It’s uncertain how much of the Weald emerged above the Clay Sea in the Early Tertiary but the London beach suggests that parts of the Weald were certainly land for a time. Moreover, there are Early Tertiary river, marine and lake deposits now found on top of the North Downs up to 180m aod.

In the Mole catchment, for example, the Thanet and Lambeth clays, sands and gravels lie on top of the Chalk and are found as high up as 180m on Nower Wood, Headley Heath and Burgh Heath. They were deposited in estuaries or on the shore of seas and lagoons. These deposits show that sea levels were higher than now and the area had yet to be substantially elevated. Subsequent uplift and regression of the sea meant these patchy deposits are the sole survivors of more extensive coverings.

By the Late Palaeocene and Early Eocene 56 Ma, the basic pattern of Britain’s major rivers, flowing from highland west to lowland east was set. Many of them flowed into the Clay Sea which, in the Early Eocene, still submerged much of the Weald.

In the humid Tropical climate of the time, deep chemical decomposition of rocks was the predominant form of weathering. Long periods of chemical weathering created a thick weathered mantle. Rivers washed this clay debris into mangrove swamps and deltas around lagoons and seas. This included a Proto-River Thames which has been named the “Eocene Amazon”. The London Basin accumulated 280m thickness of clay by the end of the Eocene.

Later in the Eocene, the Weald emerged from the Clay Sea probably as isolated hills.

(In the Thames Basin) …at least 5 transgression-regression cycles are represented in the Eocene, reflecting periods of sea-level rise followed by shallowing and coastline progradation.

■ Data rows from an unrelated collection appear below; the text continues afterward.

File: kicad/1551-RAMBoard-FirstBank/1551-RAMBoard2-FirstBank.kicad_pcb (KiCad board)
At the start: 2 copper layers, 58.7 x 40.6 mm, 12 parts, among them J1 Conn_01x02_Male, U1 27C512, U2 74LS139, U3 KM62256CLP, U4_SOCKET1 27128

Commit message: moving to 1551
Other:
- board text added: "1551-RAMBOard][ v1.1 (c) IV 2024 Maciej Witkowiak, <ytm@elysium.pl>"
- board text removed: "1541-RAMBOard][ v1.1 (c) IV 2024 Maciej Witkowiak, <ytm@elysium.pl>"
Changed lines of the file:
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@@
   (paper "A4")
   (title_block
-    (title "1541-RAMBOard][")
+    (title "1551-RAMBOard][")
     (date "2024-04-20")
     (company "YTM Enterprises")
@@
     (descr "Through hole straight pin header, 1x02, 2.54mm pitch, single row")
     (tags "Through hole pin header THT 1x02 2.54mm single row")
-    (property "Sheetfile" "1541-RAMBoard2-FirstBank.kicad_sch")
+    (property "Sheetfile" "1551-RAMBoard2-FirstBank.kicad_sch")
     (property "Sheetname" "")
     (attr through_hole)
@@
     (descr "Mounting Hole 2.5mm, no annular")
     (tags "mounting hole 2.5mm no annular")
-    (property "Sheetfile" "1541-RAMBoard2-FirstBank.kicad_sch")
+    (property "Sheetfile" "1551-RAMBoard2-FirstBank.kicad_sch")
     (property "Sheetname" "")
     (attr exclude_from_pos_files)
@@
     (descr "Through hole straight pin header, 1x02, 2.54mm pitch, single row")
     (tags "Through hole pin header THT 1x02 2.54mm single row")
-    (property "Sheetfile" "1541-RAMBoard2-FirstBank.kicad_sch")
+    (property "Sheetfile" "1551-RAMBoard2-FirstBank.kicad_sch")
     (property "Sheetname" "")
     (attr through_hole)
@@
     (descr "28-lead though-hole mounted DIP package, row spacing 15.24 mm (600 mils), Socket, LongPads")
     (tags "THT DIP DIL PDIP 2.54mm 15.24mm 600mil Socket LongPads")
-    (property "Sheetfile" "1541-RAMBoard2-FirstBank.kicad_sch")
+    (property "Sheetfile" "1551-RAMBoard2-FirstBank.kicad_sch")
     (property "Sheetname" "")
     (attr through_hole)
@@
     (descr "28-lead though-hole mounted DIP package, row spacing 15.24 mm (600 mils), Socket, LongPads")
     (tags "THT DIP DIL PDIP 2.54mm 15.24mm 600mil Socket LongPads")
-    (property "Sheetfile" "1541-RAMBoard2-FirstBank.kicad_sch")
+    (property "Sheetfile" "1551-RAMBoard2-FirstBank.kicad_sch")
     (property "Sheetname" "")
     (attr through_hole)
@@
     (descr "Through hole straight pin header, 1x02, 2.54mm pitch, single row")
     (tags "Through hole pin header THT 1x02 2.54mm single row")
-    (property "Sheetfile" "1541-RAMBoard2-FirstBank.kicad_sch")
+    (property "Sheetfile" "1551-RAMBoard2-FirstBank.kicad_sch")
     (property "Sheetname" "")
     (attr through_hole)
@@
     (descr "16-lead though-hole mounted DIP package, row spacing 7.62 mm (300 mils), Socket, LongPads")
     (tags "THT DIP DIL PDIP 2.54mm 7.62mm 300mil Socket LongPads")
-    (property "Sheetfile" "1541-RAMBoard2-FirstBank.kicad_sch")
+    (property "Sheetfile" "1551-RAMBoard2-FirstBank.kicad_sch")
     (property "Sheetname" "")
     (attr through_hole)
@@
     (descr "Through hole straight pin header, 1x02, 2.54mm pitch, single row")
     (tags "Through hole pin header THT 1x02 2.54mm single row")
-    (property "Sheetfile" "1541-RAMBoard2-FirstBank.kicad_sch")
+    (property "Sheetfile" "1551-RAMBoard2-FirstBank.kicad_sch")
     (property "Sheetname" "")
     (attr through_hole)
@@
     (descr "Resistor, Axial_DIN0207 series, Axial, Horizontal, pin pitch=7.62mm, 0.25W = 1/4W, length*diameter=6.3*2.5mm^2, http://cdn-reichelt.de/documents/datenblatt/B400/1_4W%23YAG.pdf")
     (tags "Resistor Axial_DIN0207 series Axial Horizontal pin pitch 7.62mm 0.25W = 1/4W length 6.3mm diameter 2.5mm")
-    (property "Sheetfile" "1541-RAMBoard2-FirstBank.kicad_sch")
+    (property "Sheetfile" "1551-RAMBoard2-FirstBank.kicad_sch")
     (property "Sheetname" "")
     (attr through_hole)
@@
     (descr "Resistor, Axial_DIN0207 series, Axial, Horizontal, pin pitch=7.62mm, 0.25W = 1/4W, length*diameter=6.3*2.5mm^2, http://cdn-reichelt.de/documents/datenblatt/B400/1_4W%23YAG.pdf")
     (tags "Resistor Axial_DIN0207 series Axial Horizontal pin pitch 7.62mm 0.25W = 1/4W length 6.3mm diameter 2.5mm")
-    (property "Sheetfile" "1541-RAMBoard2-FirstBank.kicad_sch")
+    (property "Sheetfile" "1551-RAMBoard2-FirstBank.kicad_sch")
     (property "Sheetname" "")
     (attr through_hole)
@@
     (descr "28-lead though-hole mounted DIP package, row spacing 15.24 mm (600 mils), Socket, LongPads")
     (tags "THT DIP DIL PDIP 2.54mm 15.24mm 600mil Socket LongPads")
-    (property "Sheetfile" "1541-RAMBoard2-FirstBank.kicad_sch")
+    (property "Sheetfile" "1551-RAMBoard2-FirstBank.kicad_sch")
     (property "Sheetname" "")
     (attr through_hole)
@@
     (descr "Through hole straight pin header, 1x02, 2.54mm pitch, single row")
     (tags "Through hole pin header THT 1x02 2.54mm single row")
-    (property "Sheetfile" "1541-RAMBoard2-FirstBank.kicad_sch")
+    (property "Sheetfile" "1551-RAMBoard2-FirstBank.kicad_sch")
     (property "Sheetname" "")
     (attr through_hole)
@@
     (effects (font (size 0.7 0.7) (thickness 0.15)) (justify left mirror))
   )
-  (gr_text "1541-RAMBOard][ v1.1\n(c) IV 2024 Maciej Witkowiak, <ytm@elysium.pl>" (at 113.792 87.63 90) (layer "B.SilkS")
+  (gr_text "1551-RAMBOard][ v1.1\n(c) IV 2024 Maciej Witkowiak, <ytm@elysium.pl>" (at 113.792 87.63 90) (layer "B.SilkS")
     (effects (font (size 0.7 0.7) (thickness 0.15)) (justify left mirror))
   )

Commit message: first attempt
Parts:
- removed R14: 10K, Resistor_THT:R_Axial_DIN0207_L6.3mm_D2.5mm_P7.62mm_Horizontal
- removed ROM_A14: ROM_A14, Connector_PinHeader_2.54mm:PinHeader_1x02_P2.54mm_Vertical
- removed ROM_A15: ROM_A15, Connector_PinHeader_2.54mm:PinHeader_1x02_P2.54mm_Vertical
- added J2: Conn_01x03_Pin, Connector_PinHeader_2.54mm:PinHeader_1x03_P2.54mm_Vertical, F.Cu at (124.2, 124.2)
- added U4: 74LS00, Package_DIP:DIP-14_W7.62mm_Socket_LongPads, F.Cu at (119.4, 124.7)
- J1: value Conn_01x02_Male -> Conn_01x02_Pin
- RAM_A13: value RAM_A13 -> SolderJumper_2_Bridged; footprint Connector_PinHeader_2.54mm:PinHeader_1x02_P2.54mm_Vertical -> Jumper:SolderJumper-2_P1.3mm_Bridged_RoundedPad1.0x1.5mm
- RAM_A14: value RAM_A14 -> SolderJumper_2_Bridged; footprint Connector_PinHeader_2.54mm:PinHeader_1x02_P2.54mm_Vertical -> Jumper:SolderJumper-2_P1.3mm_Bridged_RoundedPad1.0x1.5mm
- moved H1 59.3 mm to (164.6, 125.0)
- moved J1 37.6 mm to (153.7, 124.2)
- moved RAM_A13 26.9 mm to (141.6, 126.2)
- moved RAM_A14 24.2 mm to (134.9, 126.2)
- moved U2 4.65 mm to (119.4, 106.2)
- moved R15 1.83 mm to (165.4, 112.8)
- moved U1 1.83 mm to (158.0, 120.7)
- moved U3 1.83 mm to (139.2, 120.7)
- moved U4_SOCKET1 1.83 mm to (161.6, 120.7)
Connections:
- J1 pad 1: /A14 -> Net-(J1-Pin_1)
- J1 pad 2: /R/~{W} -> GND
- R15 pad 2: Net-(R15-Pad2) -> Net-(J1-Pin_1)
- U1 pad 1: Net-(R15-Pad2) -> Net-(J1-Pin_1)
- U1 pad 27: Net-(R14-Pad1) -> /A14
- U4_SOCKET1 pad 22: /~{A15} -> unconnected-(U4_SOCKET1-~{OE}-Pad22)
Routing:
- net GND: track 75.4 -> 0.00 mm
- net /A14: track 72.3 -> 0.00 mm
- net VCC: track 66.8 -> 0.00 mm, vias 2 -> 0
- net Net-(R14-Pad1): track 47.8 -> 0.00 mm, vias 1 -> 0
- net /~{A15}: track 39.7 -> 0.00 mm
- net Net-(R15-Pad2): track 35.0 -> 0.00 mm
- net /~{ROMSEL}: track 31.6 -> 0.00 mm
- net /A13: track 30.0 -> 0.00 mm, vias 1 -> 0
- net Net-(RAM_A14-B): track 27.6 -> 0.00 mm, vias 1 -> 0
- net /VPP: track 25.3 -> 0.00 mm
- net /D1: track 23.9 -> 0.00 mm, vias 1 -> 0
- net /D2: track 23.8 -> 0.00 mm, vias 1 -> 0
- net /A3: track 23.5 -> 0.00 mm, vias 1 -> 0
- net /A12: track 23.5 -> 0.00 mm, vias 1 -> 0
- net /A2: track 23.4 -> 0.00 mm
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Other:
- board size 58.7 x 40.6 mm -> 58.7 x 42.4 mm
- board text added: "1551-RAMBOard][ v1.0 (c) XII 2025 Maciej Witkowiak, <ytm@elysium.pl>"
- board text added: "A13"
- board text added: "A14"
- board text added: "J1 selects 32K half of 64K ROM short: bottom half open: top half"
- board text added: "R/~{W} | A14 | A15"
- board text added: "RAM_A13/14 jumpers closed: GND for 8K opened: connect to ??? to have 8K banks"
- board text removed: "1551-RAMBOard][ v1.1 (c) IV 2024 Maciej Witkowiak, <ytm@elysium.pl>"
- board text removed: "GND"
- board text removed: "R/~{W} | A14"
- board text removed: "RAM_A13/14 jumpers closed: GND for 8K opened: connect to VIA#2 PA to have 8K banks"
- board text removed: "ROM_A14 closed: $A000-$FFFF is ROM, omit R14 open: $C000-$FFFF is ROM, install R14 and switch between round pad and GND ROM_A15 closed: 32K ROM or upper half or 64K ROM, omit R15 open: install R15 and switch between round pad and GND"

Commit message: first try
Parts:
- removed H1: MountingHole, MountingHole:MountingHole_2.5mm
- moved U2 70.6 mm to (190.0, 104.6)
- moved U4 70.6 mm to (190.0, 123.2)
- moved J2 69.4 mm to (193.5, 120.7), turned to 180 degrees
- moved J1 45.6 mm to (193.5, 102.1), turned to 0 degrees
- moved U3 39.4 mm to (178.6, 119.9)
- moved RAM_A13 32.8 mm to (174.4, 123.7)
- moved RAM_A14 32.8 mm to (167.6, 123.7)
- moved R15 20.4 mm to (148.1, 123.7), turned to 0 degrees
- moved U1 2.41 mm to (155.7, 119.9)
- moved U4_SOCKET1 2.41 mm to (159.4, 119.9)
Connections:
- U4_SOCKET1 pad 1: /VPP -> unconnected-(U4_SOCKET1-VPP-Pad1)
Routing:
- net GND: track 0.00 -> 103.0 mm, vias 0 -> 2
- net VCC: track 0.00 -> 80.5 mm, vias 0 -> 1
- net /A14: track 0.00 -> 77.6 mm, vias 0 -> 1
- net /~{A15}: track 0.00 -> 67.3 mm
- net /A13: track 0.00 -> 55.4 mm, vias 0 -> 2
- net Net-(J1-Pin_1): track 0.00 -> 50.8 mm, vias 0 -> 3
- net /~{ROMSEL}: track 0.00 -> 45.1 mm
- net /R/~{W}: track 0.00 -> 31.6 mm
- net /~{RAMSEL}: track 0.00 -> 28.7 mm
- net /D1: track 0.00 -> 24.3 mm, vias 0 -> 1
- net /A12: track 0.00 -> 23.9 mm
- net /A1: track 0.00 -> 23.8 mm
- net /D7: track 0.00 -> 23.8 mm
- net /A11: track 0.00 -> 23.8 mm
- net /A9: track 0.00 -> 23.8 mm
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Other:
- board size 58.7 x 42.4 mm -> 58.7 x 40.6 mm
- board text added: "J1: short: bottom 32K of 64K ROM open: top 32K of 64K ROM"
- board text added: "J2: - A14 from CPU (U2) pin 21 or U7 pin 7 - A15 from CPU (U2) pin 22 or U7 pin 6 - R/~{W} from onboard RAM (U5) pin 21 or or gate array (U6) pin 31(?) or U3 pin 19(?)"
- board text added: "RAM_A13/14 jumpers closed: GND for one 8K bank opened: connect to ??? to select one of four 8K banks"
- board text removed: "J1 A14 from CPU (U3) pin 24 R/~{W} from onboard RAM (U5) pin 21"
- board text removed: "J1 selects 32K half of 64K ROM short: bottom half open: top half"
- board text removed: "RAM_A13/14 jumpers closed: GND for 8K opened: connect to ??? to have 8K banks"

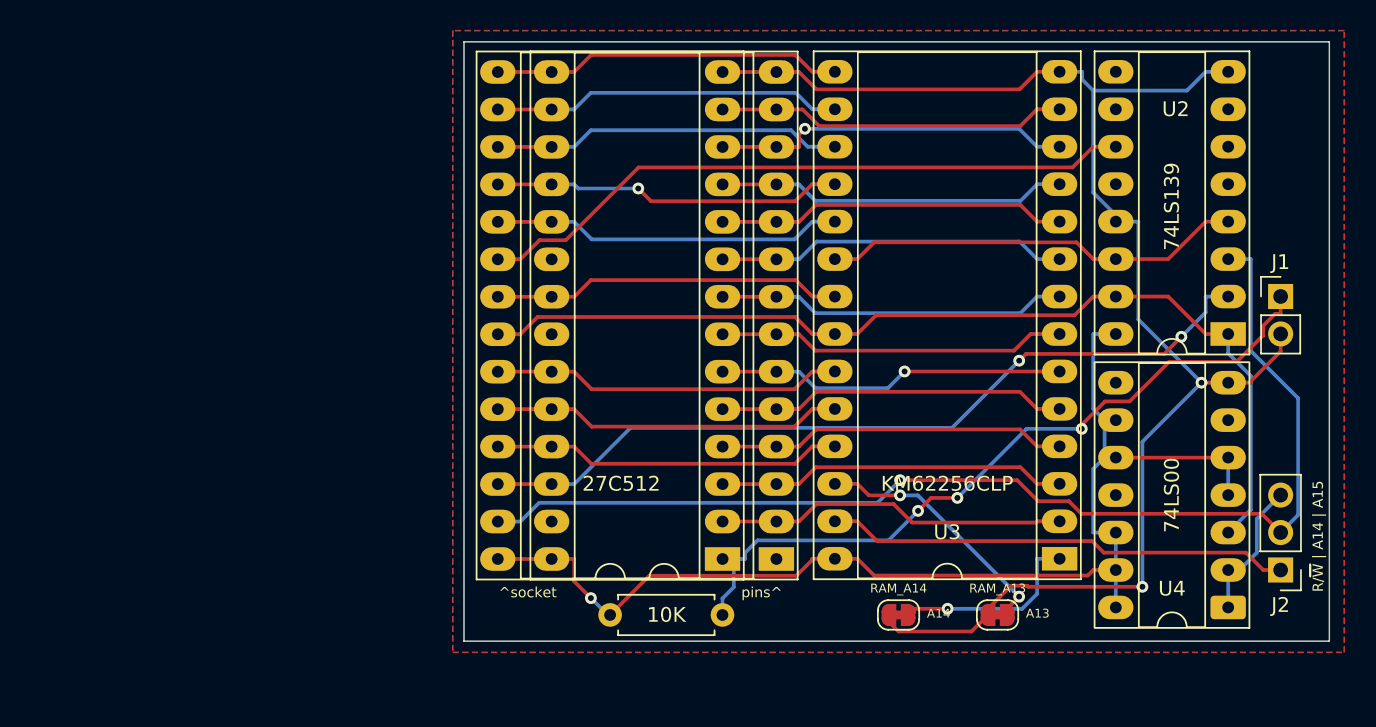
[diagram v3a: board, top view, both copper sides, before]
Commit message: final touches, support for 6264 (8K) and 62256 (32K)
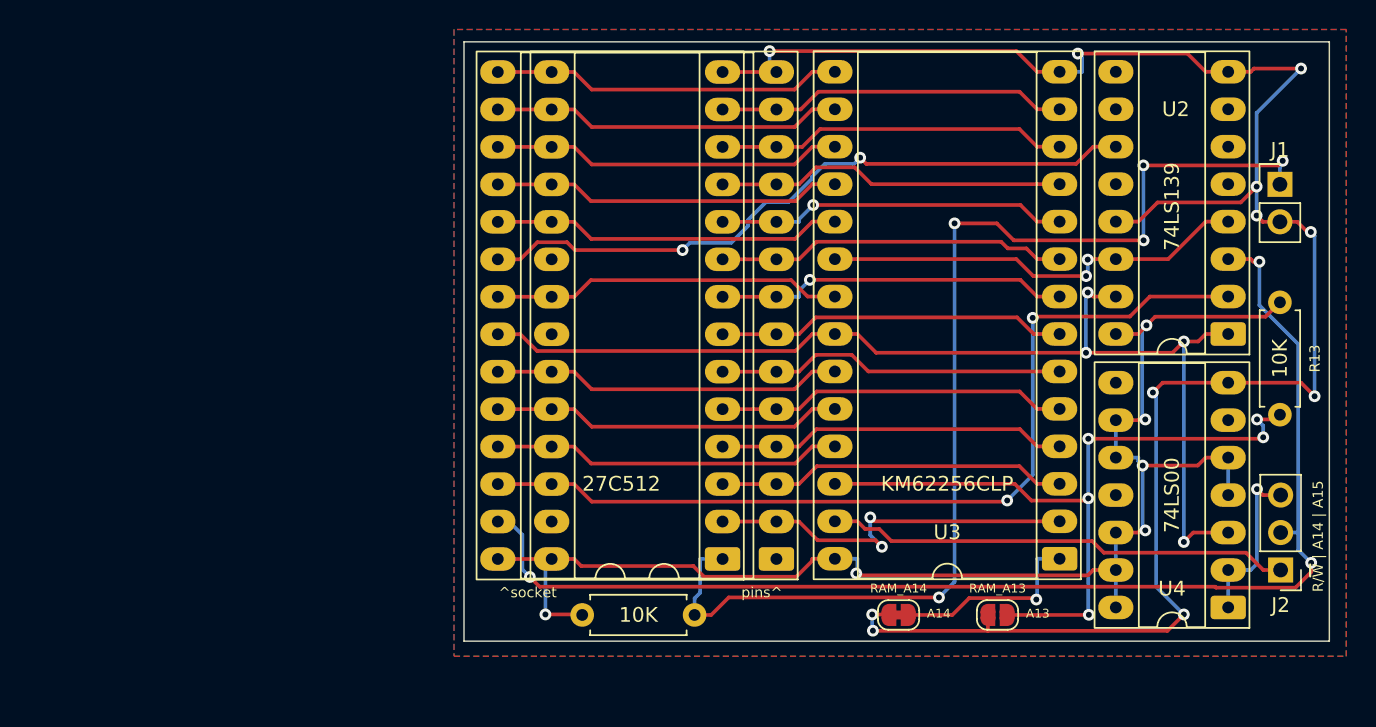
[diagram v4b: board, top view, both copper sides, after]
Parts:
- added R13: 10K, Resistor_THT:R_Axial_DIN0207_L6.3mm_D2.5mm_P7.62mm_Horizontal, F.Cu at (193.5, 102.5)
- RAM_A13: value SolderJumper_2_Bridged -> SolderJumper_2_Open; footprint Jumper:SolderJumper-2_P1.3mm_Bridged_RoundedPad1.0x1.5mm -> Jumper:SolderJumper-2_P1.3mm_Open_RoundedPad1.0x1.5mm
- moved J1 7.60 mm to (193.5, 94.5)
- moved R15 1.89 mm to (146.2, 123.7)
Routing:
- net Net-(RAM_A13-B): track 17.2 -> 50.2 mm, vias 2 -> 5
- net GND: track 103.0 -> 133.7 mm, vias 2 -> 11
- net Net-(J1-Pin_1): track 50.8 -> 78.0 mm, vias 3 -> 5
- net VCC: track 80.5 -> 96.3 mm, vias 1 -> 6
- net /~{A15}: track 67.3 -> 74.5 mm, vias 0 -> 4
- net /A14: track 77.6 -> 84.7 mm, vias 1 -> 3
- net /A13: track 55.4 -> 62.0 mm
- net /A12: track 23.9 -> 26.8 mm, vias 0 -> 2
- net /A15: track 9.86 -> 11.8 mm, vias 0 -> 1
- net /~{ROMSEL}: track 45.1 -> 46.2 mm, vias 0 -> 2
- net /~{RAMSEL}: track 28.7 -> 29.3 mm, vias 0 -> 2
- net /D1: track 24.3 -> 23.9 mm, vias 1 -> 0
- net /A2: track 23.8 -> 24.0 mm, vias 0 -> 1
- net /A0: track 23.8 -> 23.9 mm, vias 0 -> 1
- net /A4: vias 1 -> 0
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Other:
- board text added: "RAM_A13: open for 6264 (with R13 pullup) RAM_A14: closed 62256: like for 6264 or opened and connected to ??? to select one of four 8K banks"
- board text removed: "RAM_A13/14 jumpers closed: GND for one 8K bank opened: connect to ??? to select one of four 8K banks"

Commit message: updates after real hardware test, clarify R/W connection info
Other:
- board text added: "J2: - A14 from CPU (U2) pin 21 or U7 pin 7 - A15 from CPU (U2) pin 22 or U7 pin 6 - R/~{W} from onboard RAM (U5) pin 21 or or U3 pin 19"
- board text removed: "J2: - A14 from CPU (U2) pin 21 or U7 pin 7 - A15 from CPU (U2) pin 22 or U7 pin 6 - R/~{W} from onboard RAM (U5) pin 21 or or gate array (U6) pin 31(?) or U3 pin 19(?)"
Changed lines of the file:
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@@
 			"AAAAAAAAAAAAAAAAAAAAAAAAAAAAAAAAAAAAAAAAAAAAAAAAAAAAAAAAAAAAAAAAAAAAAAAAAAAA"
 			"AAAAAAAAAAAAAAAAAAAAAAAAAAAAAAAAAAAAAAAAAAAAAAAAAAAAAAAAAAAAAAAAAAAAAAAAAAAA"
-			"AAA="
+			"AAAAAAAAAAAAAAAAAAAAAAAAAAAAAAAAAAAAAAAAAAAAAAAAAAAAAAAAAAAAAAAAAAAAAAAAAAAA"
+			"AAAAAAAAAAAAAAAAAAAAAAAAAAAAAAAAAAAAAAAAAAAAAAAAAAAAAAAAAAAAAAAAAAAAAAAAAAAA"
+			"AAAAAAAAAAAAAAAAAAAAAAAAAAAAAAAAAAAAAAAAAAAAAAAAAAAAAAAAAAAAAAAAAAAAAAAAAAAA"
+			"AAAAAAAAAAAAAAAAAAAAAAAAAAAAAAAAAAAAAAAAAAAAAAAAAAAAAAAAAAAAAAAAAAAAAAAAAAAA"
+			"AAAAAAAAAAAAAAAAAAAAAAAAAAAAAAAAAAAAAAAAAAAAAAAAAAAAAAAAAAAAAAAAAAAAAAAAAAAA"
+			"AAAAAAAAAAAAAAAAAAAAAAAAAAAAAAAAAAAAAAAAAAAAAAAAAAAAAAAAAAAAAAAAAAAAAAAAAAAA"
+			"AAAAAAAAAAAAAAAAAAAAAAAAAAAAAAAAAAAAAAAAAAAAAAAAAAAAAAAAAAAAAAAAAAAAAAAAAAAA"
+			"AAAAAAAAAAAAAAAAAAAAAAAAAAAAAAAAAAAAAAAAAAAAAAAAAAAAAAAAAAAAAAAAAAAAAAAAAAAA"
+			"AAAAAAAAAAAAAAAAAAAAAAAAAAAAAAAAAAAAAAAAAAAAAAAAAAAAAAAAAAAAAAAAAAAAAAAAAAAA"
+			"AAAAAAAAAAAAAAAAAAAAAAAAAAAAAAAAAAAAAAAAAAAAAAAAAAAAAAAAAAAAAAAAAAAAAAAAAAAA"
+			"AAAAAAAAAAAAAAAAAAAAAAAAAAAAAAAAAAAAAAAAAAAAAAAAAAAAAAAAAAAAAAAAAAAAAAAAAAAA"
+			"AAAAAAAAAAAAAAAAAAAAAAAAAAAAAAAAAAAAAAAAAAAAAAAAAAAAAAAAAAAAAAAAAAAAAAAAAAAA"
+			"AAAAAAAAAAAAAAAAAAAAAAAAAAAAAAAAAAAAAAAAAAAAAAAAAAAAAAAAAAAAAAAAAAAAAAAAAAAA"
+			"AAAAAAAAAAAAAAAAAAAAAAAAAAAAAAAAAAAAAAAAAAAAAAAAAAAAAAAAAAAAAAAAAAAAAAAAAAAA"
+			"AAAAAAAAAAAAAAAAAAAAAAAAAAAAAAAAAAAAAAAAAAAAAAAAAAAAAAAAAAAAAAAAAAAAAAAAAAAA"
+			"AAAAAAAAAAAAAAAAAAAAAAAAAAAAAAAAAAAAAAAAAAAAAAAAAAAAAAAAAAAAAAAAAAAAAAAAAAAA"
+			"AAAAAAAAAAAAAAAAAAAAAAAAAAAAAAAAAAAAAAAAAAAAAAAAAAAAAAAAAAAAAAAAAAAAAAAAAAAA"
+			"AAAAAAAAAAAAAAAAAAAAAAAAAAAAAAAAAAAAAAAAAAAAAAAAAAAAAAAAAAAAAAAAAAAAAAAAAAAA"
+			"AA=="
 		)
 	)
@@
 		)
 	)
-	(gr_text "J2:\n- A14 from CPU (U2) pin 21 or U7 pin 7\n- A15 from CPU (U2) pin 22 or U7 pin 6\n- R/~{W} from onboard RAM (U5) pin 21 or\n  or gate array (U6) pin 31(?)\n  or U3 pin 19(?)"
+	(gr_text "J2:\n- A14 from CPU (U2) pin 21 or U7 pin 7\n- A15 from CPU (U2) pin 22 or U7 pin 6\n- R/~{W} from onboard RAM (U5) pin 21 or\n  or U3 pin 19"
 		(at 149.606 86.36 90)
 		(layer "B.SilkS")

https://www.qpg.geog.cam.ac.uk/research/projects/tertiaryrivers/earlyeo.html

The Early Eocene was very warm, occasionally hot. Swathes of tropical forest covered the land around the estuaries, similar to Southern Thailand now. Rocks were subjected to chemical weathering and were then eroded by rivers as evidenced by Lower Greensand debris (resistant chert) found in Eocene sediments in the London Basin.

“…various lines of evidence point to the existence of a well developed Weald upwarp in the Early Tertiary and significant, if not total, removal of the Chalk cover from the crest of the (Central) Weald upwarp by the Eocene.”

On the uplift and denudation of the Weald DAVID K. C. JONES

Further evidence points towards the Early Tertiary uplift of the Weald occurring in pulses that lasted about 1 million years causing at least 100m of uplift on each occasion. These were accompanied by rapid erosion and sedimentation in the surrounding basins of the Clay Sea… so it’s likely the Weald never reached it’s ultimate 1500m height as pulsed uplifts were constantly being eroded to prevent land reaching higher elevation: dynamic equilibrium!

As shown in the diagram below, it’s possible that early versions of the Rivers Mole, Wey and Medway flowed off the emerging hills, eroding valleys and carrying sediments into the Clay Sea to be deposited in the London Basin. So we can imagine the very earliest River Mole eroding chalk and sandstone hills 55 million years ago, carving valleys similar to the Mole Gap now. Estimates vary but over 400m of chalk is likely to have been removed from the crest of the dome by the end of the Early Tertiary. In addition, several hundred metres of Hastings Beds and Wealden Clay must also have been removed.

Sedimentation of surrounding basins stopped in the Oligocene 23-33 Ma and in the Late Tertiary, from around 20Ma, during the Miocene and Pliocene (23-2.6 Ma), the Weald experienced further tectonic uplifts.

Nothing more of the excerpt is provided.